Two mistakes account for almost every wrong answer involving inverses:
-
If \det A = 0, stop — there is no inverse, and "the inverse
doesn't exist" is the correct, complete answer. It is tempting to feel like you must
have made an arithmetic slip and keep trying to force a formula through, perhaps dividing by that
zero determinant anyway. Don't. A singular matrix genuinely has no undo button; recognising that
and stopping is the right move, not a failure to find one.
-
A^{-1}B^{-1} is not the same as
(AB)^{-1} — the order flips. The correct rule is
(AB)^{-1} = B^{-1}A^{-1}. Check it: (AB)(B^{-1}A^{-1}) =
A(BB^{-1})A^{-1} = AIA^{-1} = AA^{-1} = I — the reversed order is exactly what makes
the middle pair cancel. Think of putting on socks, then shoes: to undo it, you can't peel off
socks first — your shoes are in the way. You must reverse the order too: shoes off, then socks
off. Undoing a sequence of steps always means undoing them in reverse order.
This isn't just textbook tidiness — invertibility is what lets scrambled information come back at
all. An early cipher called the Hill cipher encodes a block of letters by
multiplying them (as numbers) by a secret matrix. Sending the message is easy; the entire scheme
only works, though, if that matrix is invertible — otherwise two different original
messages could scramble into the same coded text, and even the person with the secret key couldn't
tell them apart. Modern error-correcting codes (the ones that let a scratched CD or a weak phone
signal still recover the right data) lean on the very same idea: build the encoding out of an
invertible matrix, and decoding is guaranteed to be possible, in principle, by inverting it.

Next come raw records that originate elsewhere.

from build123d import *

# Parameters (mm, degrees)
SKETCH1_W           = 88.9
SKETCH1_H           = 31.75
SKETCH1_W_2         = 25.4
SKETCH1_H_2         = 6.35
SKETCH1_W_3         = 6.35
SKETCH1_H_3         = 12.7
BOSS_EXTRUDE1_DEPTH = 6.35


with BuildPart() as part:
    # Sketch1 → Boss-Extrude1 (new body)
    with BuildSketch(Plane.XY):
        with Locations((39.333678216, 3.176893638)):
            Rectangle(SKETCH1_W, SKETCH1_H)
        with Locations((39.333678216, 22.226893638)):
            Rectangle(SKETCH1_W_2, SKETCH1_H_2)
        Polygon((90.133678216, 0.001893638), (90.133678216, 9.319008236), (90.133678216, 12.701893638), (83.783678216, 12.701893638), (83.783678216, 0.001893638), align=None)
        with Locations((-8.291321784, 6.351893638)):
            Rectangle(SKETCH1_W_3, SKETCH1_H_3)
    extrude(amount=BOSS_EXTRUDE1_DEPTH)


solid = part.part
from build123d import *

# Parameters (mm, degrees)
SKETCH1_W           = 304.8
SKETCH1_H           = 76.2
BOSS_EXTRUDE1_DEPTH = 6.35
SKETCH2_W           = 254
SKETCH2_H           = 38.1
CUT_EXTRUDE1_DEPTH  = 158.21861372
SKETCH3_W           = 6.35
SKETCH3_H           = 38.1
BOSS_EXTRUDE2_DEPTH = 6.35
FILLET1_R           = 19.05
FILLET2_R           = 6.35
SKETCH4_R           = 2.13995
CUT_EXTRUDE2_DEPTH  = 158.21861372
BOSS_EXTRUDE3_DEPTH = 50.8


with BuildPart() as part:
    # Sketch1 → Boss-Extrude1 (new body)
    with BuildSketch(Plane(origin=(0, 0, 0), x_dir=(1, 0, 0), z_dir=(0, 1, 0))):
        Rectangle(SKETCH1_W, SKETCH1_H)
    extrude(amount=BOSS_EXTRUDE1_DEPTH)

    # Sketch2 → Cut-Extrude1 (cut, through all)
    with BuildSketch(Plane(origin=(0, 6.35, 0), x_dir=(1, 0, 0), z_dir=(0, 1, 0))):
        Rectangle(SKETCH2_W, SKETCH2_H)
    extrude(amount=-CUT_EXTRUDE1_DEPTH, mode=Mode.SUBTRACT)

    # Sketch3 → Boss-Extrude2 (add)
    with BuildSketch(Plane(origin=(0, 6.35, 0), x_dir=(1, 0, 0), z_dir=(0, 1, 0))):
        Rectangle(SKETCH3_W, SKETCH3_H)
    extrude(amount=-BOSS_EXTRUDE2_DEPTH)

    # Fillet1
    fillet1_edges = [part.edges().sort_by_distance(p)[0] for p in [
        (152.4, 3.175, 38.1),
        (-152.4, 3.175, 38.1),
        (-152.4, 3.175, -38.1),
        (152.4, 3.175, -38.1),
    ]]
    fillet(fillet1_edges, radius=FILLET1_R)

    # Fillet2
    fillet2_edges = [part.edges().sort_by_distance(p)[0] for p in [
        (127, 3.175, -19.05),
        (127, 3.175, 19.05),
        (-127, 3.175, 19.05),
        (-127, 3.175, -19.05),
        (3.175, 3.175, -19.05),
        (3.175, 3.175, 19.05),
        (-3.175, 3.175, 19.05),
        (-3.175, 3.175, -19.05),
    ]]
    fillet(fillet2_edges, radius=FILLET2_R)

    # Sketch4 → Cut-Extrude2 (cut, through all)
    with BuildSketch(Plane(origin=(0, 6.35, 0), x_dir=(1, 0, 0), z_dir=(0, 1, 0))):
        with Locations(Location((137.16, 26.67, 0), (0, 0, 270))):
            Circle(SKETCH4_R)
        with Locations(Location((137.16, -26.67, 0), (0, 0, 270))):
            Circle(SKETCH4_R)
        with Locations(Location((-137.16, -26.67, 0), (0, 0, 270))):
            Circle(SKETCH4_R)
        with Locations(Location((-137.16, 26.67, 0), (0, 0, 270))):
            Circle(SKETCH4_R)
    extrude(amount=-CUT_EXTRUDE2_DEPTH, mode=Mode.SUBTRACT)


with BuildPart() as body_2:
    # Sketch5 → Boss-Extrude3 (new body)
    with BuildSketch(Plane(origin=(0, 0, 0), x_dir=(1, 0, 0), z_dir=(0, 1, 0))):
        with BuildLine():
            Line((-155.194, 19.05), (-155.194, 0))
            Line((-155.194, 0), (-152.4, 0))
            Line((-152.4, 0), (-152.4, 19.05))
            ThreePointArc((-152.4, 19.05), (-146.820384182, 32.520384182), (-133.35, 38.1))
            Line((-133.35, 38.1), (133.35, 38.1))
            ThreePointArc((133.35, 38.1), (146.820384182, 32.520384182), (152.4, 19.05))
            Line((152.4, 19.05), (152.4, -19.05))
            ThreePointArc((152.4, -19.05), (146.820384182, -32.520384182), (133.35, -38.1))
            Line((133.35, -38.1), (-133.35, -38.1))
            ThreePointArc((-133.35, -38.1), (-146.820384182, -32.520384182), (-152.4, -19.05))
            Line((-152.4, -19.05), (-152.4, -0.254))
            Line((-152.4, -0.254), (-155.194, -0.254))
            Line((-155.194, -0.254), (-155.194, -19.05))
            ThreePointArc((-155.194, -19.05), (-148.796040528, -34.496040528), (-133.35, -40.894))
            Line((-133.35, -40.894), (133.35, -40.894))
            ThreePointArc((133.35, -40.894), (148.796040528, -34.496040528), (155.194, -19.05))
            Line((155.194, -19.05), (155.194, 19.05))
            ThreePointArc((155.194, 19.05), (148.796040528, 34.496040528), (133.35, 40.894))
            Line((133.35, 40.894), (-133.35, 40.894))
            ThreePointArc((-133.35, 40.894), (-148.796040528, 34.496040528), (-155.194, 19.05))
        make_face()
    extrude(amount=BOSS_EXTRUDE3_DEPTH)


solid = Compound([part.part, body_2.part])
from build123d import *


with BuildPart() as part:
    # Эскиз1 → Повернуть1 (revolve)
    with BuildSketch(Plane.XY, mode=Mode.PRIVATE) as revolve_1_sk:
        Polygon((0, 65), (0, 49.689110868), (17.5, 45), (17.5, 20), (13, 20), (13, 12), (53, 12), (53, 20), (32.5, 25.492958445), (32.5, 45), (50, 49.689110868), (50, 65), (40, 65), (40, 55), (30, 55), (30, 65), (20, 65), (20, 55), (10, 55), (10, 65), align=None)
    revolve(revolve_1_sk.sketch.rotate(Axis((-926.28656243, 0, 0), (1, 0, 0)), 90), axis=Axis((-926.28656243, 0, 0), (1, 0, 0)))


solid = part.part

Even that humble Undo button from the very first paragraph is secretly doing linear algebra: every
rotate, scale or skew you apply to a shape in a drawing program is stored as a matrix, and "Undo"
just multiplies by that matrix's inverse. The whole idea of reversibility — in software, in codes,
in physics — keeps coming back to this one question: does an inverse exist?